Cette férue de lecture — « la littérature est ma vie… les livres ont tout changé pour moi ; ils m’ont donné un nouvel univers, un exutoire à mes craintes et mes inquiétudes » — a étudié comme matières principales pour sa toute première tentative au HSC, la langue anglaise, la langue française et la sociologie. Elle a aussi suivi des cours en Hinduism comme matière subsidiaire, outre le General Paper (GP). Passionnée de William Shakespeare, de Kathryn Mansfield et de Romain Gary, la jeune fille avoue que « je demeure une « classique »… Je trouve que les écrivains contemporains, pas tous, évidemment, mais certains qui écrivent pour les jeunes, sont par moments superficiels ; ils manquent de hauteur. C’est pour cela que je n’adhère pas. Et puis, les sujets sont assez redondants… vampires, etc. Tandis que chez les classiques, on retrouve des thèmes qui sont universels et éternels. Ce sont des lectures « enlightening » ; qui m’inspirent et me ressourcent pour attaquer la vie. » Comment une jeune fille de 19 ans reste le plus longtemps le nez plongé dans ses bouquins tandis que 99 % de ses semblables sont scotchés à leurs cellulaires dernier cri, ordis et autres tablettes ? « La lecture m’a sauvée, concède Keren Poliah. Ce que je pouvais nourrir comme frustrations, en grandissant, les livres m’ont aidée à comprendre et surmonter tout ça ! »
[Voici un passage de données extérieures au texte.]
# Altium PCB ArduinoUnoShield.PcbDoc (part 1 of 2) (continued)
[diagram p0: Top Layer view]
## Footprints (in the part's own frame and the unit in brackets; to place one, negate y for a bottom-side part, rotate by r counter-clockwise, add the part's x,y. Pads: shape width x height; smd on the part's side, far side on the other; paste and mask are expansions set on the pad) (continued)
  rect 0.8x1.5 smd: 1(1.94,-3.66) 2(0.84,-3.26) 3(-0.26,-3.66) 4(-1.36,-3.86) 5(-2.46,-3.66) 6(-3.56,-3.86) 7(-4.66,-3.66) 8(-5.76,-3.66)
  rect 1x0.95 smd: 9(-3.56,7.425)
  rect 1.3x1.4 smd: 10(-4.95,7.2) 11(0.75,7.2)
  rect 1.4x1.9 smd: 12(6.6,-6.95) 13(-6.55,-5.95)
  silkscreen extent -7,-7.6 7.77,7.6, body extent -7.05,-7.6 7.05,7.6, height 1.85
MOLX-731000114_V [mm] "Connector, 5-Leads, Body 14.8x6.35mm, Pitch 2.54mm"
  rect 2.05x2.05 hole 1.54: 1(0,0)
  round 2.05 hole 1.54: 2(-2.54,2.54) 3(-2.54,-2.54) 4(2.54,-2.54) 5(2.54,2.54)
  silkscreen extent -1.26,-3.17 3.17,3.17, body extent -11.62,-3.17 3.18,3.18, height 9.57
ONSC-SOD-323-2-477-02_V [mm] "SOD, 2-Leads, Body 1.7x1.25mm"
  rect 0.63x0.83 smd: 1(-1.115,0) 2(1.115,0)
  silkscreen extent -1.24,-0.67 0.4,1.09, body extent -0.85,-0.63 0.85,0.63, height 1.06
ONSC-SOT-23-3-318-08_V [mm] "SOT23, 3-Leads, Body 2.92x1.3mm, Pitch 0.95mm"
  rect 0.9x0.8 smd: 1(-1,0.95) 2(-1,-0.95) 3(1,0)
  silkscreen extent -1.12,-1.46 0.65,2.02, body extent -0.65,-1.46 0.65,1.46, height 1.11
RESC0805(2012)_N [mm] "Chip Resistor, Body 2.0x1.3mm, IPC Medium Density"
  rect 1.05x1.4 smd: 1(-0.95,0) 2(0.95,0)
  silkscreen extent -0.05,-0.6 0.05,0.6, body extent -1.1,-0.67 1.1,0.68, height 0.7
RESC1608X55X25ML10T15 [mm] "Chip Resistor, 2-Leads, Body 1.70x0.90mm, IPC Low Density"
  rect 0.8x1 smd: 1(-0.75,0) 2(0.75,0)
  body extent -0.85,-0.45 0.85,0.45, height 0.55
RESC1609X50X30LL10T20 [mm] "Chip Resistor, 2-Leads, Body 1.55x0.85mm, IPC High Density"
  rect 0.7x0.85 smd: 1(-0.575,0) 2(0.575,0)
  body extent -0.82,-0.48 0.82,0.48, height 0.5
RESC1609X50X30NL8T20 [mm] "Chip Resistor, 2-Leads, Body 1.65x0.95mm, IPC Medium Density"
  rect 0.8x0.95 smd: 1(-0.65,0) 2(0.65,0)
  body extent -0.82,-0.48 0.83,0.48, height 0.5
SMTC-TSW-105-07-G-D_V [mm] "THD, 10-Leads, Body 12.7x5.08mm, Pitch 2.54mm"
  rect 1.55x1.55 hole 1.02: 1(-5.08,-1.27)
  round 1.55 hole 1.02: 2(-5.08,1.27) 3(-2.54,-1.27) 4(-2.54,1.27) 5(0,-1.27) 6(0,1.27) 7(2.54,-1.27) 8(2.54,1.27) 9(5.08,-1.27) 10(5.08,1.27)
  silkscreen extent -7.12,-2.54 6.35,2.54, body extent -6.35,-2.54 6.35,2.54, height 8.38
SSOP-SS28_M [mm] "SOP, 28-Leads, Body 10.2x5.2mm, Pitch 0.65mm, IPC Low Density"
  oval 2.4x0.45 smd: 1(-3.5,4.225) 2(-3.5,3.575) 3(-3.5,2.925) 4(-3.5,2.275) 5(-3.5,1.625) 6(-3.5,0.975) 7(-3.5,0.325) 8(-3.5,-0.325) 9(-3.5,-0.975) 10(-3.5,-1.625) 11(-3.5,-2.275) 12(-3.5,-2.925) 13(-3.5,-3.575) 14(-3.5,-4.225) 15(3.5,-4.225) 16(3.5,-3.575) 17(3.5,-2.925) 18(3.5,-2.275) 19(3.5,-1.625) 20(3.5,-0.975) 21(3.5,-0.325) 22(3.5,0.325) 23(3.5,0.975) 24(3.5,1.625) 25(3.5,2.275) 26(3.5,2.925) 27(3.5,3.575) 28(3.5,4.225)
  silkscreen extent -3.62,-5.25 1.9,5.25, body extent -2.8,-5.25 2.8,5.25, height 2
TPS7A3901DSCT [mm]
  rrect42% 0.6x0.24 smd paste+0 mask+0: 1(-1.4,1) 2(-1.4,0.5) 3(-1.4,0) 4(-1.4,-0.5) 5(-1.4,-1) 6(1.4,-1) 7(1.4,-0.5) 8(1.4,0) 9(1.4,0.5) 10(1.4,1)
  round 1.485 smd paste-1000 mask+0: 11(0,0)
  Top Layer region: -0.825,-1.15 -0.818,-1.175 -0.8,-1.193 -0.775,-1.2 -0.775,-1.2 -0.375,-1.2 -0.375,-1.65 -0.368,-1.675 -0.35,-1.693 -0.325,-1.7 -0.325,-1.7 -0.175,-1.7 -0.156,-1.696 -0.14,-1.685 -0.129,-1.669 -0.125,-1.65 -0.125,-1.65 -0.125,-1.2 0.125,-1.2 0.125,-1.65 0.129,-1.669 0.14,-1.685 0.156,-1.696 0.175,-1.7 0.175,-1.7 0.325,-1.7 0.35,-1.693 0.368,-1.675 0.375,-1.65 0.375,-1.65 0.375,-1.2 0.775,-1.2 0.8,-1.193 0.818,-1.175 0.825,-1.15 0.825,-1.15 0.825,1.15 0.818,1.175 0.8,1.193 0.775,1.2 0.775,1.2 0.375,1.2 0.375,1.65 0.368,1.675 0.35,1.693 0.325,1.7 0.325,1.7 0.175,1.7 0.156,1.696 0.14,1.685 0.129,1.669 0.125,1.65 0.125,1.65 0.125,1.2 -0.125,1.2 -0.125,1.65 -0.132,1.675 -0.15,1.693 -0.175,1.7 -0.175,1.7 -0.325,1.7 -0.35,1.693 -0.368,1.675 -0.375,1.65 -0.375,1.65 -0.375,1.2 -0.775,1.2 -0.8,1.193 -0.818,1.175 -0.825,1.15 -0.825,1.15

« Le goût pour la lecture lui vient de sa maman… » admet Ketsia Poliah. La mère de la lauréate explique qu’elle « dévore tout ce qui lui tombe sous la main et qui l’aide à se documenter : que ce soit sur l’éducation, la spiritualité, la psychologie, la vie… » Autodidacte, cette mère au foyer explique que « quand Keren était bébé, j’ai abandonné mon job pour m’occuper d’elle. Elle avait à peine deux mois et demi quand j’avais pris cette décision radicale. » Il y a environ deux mois et demi encore, Ketsia Poliah a repris de l’emploi… « C’est comme une coïncidence… Mais mieux encore, une bénédiction, une main divine… Nous sommes très croyants et spirituels dans la famille. » Elle continue : « Comme Keren avait terminé ses études, elle n’a plus autant besoin que je sois régulièrement présente à ses côtés. Durant cette année qui s’est écoulée, je me suis fait un devoir de la déposer à l’école et de l’emmener partout… pour qu’elle ne se fatigue pas physiquement, surtout. » Ketsia Poliah, la voix pleine de larmes, explique comment « quand Keren a grandi, elle m’a dit « tu ne regretteras pas d’avoir sacrifié ta carrière professionnelle. Je te compenserais pour cela… Aujourd’hui (NDLR : hier, à la proclamation des résultats), j’ai reçu cette récompense ! »
Au collège SS France Boyer de la Giroday, « nous connaissons le potentiel de Keren », confie Yogita Gobin, enseignante de langue française, les yeux remplis de larmes de joie. Elle encadre la lauréate depuis qu’elle est en form IV. « On priait de tout coeur qu’elle ait une bourse… Et c’est chose faite ! » Pour sa part, M. Valère, membre du personnel non-enseignant, est catégorique : « J’étais quasiment sûr qu’elle allait être lauréate ! » Yogita Gobin, soutenue de Sujata Lolljee, prof de sociologie de Keren Poliah confirment : « C’est une étudiante exemplaire ! L’élève modèle que tout collège rêve d’avoir… Simple et humble, appliquée, calme surtout alors que la majorité des filles sont très chahuteuses, Keren s’est distinguée en restant toujours très lucide et terre à terre. »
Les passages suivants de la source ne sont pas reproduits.